Let’s suppose that parts are numbered “I” and “II”. (The number format is controlled by the localization, see Chapter 4, Localization.) If chapter numbering begins at the book level, those chapters will be numbered “1”, “2”, and “3”. If chapter numbering begins at the division level (the part), those chapters will be numbered “1”, “1”, and “2”. If division numbers are inherited, those numbers will be “I.1”, “II.1”, “II.2”.

In the 1.x versions of these stylesheets, all of the aspects of numeration were controlled by three now obsolete parameters: $component-numbers-inherit, $division-numbers-inherit, and $section-numbers-inherit. In the 2.x stylesheets, the various aspects can be controlled independently and the result is much more consistent, if a bit more complicated.

The default numeration parameters are designed to cover the most common use cases and are specified with strings so that they’re easy to control with parameters. Any numeration scheme can be implemented with a customization layer, but hopefully that will be necessary only rarely and in uncommon cases.

To simplify the problem, we divide the DocBook elements into six categories:

sets

The set is the only member of this category.

books

The book is the only member of this category.

divisions

The divisions elements are part and reference.

components

The component elements are acknowledgements, appendix, article, bibliography, chapter, colophon, dedication, glossary, index, partintro, preface, refentry, and setindex.

sections

The section elements are section, sect1, sect2, sect3, sect4, sect5, simplesect. The refentry section elements are not included because they are not typically numbered.

formal objects

The formal objects are figure, table, example, equation, formalgroup, procedure.
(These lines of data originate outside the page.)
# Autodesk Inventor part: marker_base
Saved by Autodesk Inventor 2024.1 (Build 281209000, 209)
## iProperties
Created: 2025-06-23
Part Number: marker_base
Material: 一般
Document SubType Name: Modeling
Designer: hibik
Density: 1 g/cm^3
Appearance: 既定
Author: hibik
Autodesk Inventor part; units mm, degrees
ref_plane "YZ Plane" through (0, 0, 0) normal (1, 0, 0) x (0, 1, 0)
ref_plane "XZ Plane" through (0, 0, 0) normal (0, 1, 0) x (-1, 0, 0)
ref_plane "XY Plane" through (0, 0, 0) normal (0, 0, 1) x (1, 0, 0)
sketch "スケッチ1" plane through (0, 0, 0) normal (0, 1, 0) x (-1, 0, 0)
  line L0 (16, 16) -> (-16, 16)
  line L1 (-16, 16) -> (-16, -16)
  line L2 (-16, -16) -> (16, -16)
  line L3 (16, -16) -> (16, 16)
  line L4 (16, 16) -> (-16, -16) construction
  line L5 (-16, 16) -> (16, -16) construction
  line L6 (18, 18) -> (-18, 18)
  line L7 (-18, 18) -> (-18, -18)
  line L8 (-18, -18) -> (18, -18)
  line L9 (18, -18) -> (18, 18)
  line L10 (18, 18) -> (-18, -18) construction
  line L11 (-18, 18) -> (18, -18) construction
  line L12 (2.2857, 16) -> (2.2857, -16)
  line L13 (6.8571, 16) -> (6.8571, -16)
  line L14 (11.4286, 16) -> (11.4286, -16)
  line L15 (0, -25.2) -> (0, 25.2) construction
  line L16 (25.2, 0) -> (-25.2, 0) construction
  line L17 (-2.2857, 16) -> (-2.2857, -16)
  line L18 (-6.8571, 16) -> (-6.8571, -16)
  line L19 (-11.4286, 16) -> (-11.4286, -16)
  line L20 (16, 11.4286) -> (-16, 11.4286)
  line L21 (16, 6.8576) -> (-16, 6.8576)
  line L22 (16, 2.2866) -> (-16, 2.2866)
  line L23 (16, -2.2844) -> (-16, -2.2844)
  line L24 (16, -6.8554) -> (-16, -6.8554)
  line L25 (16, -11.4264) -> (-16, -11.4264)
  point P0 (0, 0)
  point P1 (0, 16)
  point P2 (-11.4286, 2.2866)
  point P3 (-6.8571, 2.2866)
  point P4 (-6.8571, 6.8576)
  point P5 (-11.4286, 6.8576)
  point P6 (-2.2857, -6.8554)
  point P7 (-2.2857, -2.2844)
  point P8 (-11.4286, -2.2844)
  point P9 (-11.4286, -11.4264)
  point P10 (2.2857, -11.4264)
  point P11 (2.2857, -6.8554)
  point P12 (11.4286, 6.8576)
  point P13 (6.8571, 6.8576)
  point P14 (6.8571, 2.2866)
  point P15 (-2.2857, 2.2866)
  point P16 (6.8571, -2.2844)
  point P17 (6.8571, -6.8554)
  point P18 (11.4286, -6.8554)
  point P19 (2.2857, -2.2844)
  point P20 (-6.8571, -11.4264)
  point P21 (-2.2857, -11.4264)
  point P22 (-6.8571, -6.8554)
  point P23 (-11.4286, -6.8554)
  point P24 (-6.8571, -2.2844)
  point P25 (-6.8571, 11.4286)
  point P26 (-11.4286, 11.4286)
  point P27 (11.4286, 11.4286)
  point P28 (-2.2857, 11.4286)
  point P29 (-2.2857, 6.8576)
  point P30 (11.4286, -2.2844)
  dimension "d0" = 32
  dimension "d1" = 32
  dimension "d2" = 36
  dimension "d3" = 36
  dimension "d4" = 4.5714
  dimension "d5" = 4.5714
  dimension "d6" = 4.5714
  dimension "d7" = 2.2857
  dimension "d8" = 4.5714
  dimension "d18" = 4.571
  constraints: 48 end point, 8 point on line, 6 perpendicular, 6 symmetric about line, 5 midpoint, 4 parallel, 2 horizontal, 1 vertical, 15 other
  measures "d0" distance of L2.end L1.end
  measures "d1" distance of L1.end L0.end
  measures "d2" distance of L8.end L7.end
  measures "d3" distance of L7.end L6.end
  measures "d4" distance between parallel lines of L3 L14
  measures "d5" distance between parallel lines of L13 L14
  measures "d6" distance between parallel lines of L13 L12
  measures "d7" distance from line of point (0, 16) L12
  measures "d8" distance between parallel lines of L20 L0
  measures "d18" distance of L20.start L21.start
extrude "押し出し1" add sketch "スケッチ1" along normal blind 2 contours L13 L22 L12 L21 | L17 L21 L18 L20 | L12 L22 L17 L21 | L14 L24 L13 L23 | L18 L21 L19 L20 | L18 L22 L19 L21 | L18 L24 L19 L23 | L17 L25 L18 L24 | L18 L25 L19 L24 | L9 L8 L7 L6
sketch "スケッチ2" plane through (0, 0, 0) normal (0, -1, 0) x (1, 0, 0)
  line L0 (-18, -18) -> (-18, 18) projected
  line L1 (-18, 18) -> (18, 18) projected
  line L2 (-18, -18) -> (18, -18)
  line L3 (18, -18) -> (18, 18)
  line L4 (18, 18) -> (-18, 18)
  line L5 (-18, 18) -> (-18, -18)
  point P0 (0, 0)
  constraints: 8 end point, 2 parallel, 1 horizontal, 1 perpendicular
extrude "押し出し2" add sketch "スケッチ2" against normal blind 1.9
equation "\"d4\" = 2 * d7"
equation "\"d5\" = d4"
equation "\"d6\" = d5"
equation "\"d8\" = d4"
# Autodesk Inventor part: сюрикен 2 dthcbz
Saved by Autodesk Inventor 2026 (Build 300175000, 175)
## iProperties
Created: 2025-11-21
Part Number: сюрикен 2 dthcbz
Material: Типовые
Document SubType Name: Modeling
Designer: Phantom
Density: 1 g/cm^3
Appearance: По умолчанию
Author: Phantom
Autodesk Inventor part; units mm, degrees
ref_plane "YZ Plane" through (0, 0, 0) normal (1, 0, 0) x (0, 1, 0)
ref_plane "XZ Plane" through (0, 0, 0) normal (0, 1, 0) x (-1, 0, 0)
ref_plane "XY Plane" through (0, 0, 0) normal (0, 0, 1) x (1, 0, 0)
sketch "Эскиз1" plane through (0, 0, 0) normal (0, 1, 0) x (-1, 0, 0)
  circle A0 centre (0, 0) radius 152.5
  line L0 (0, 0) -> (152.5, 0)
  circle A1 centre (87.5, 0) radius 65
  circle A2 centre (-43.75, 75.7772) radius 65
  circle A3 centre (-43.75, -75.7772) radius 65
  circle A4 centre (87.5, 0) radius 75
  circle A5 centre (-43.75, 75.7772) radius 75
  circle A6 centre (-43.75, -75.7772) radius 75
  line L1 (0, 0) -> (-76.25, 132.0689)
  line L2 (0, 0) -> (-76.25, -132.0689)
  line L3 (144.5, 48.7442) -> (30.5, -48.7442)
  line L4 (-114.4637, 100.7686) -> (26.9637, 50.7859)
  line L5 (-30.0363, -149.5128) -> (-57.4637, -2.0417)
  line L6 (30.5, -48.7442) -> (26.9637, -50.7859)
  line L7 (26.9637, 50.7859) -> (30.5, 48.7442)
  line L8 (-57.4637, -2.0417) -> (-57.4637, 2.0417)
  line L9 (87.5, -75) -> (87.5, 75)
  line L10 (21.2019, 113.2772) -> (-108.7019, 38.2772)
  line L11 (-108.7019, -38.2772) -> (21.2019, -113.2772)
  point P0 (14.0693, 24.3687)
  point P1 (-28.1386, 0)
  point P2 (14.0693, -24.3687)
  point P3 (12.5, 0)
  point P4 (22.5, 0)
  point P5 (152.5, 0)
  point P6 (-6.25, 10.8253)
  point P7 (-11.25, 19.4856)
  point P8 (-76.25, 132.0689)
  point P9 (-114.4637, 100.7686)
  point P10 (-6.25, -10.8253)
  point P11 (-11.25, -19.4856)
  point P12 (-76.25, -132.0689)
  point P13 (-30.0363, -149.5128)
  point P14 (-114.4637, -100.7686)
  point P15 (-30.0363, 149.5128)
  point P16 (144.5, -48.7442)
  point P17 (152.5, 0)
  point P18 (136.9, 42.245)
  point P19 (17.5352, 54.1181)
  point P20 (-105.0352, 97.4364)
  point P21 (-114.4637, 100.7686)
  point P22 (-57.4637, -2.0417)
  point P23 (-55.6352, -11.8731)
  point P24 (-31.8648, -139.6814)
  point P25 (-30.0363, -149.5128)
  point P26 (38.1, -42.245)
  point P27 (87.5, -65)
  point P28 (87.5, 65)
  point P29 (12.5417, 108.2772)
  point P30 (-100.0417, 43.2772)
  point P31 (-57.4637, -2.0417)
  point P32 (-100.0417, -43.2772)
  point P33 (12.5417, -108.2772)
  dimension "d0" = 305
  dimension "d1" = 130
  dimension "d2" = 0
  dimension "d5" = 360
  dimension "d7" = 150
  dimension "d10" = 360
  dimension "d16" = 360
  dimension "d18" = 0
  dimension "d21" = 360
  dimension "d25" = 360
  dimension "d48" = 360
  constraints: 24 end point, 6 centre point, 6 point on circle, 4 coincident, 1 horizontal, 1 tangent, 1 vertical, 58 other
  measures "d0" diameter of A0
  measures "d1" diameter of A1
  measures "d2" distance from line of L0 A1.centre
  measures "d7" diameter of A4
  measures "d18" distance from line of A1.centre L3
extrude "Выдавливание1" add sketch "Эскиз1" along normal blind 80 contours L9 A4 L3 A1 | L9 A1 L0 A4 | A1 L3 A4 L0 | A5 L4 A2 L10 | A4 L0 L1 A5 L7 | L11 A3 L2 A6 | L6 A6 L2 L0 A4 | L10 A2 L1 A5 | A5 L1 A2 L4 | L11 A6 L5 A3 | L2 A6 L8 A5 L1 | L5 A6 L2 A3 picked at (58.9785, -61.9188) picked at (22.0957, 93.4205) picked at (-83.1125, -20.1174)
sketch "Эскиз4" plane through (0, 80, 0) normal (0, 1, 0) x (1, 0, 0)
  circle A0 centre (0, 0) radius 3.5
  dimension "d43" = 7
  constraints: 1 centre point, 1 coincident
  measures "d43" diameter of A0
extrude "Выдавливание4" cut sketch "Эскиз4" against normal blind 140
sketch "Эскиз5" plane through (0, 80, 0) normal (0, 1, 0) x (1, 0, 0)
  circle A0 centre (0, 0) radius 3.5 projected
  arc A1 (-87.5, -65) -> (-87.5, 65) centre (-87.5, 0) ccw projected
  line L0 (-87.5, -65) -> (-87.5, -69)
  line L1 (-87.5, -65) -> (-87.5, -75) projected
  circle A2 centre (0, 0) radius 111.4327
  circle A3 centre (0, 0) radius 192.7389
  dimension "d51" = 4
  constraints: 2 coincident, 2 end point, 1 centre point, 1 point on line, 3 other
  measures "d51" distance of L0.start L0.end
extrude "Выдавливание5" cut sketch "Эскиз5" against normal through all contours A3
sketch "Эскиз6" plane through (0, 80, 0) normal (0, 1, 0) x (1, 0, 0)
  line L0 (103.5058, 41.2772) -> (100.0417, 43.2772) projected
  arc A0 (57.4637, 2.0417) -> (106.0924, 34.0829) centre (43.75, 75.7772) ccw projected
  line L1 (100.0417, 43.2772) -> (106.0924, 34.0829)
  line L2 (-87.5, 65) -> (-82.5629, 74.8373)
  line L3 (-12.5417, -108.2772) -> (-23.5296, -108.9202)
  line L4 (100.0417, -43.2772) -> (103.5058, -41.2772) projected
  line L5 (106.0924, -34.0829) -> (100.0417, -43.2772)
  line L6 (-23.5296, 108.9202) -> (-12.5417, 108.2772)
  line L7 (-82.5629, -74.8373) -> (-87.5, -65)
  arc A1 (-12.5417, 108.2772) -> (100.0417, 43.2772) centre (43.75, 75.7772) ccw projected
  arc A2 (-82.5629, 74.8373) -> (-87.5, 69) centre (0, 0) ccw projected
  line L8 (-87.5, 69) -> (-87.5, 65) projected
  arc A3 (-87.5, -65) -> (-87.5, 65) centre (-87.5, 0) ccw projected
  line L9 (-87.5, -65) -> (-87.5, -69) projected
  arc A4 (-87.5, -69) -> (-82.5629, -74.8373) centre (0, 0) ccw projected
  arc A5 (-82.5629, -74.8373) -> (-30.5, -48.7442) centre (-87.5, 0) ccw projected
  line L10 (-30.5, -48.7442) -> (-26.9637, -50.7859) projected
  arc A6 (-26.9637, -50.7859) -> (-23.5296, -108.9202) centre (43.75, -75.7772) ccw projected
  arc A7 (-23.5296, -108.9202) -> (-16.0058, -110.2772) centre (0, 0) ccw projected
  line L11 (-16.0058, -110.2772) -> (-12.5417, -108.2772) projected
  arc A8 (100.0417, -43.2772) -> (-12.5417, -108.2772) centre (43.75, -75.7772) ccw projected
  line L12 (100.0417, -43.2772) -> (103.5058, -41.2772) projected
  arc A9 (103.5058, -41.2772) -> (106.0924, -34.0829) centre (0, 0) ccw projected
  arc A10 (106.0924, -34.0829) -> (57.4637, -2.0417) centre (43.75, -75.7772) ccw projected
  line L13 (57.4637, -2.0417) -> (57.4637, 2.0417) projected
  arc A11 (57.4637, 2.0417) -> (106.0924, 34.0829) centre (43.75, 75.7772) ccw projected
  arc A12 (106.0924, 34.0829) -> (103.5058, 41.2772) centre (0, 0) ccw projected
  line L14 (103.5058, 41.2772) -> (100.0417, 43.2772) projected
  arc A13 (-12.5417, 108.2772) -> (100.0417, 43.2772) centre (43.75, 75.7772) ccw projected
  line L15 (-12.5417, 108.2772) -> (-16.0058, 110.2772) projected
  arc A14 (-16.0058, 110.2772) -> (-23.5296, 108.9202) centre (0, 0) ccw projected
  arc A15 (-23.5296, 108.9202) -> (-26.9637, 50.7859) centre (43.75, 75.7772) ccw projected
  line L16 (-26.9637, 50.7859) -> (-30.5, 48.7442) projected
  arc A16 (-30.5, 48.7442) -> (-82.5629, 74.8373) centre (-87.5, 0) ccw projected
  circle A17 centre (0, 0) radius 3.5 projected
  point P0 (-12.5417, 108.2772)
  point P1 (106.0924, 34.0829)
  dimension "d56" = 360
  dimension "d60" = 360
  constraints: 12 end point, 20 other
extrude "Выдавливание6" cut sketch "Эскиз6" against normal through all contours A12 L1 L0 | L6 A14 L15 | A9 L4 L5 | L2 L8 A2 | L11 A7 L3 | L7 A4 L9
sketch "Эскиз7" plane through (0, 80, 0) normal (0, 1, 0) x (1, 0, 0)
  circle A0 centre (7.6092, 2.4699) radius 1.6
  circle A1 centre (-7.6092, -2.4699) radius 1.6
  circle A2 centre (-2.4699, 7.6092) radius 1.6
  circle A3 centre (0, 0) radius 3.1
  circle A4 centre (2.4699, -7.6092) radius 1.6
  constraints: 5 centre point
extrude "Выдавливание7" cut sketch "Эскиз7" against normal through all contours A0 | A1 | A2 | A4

There’s a bit of complexity here. A formalgroup that contains figures counts as a figure, a formalgroup that contains tables counts as a table, etc. An equation or procedure only counts as a formal object if it has a title.

Six parameters control where numbering starts (or restarts): $sets-number-from, $books-number-from, $divisions-number-from, $components-number-from, $sections-number-from, and $formal-objects-number-from. In each case, the value of the parameter must be the name of one of the categories. Sets and books can only number from sets, divisions can number from sets or books, components can number from sets, books, or divisions, etc. It is also possible to specify the value root to indicate that elements in the relevant category are numbered sequentially through the whole document.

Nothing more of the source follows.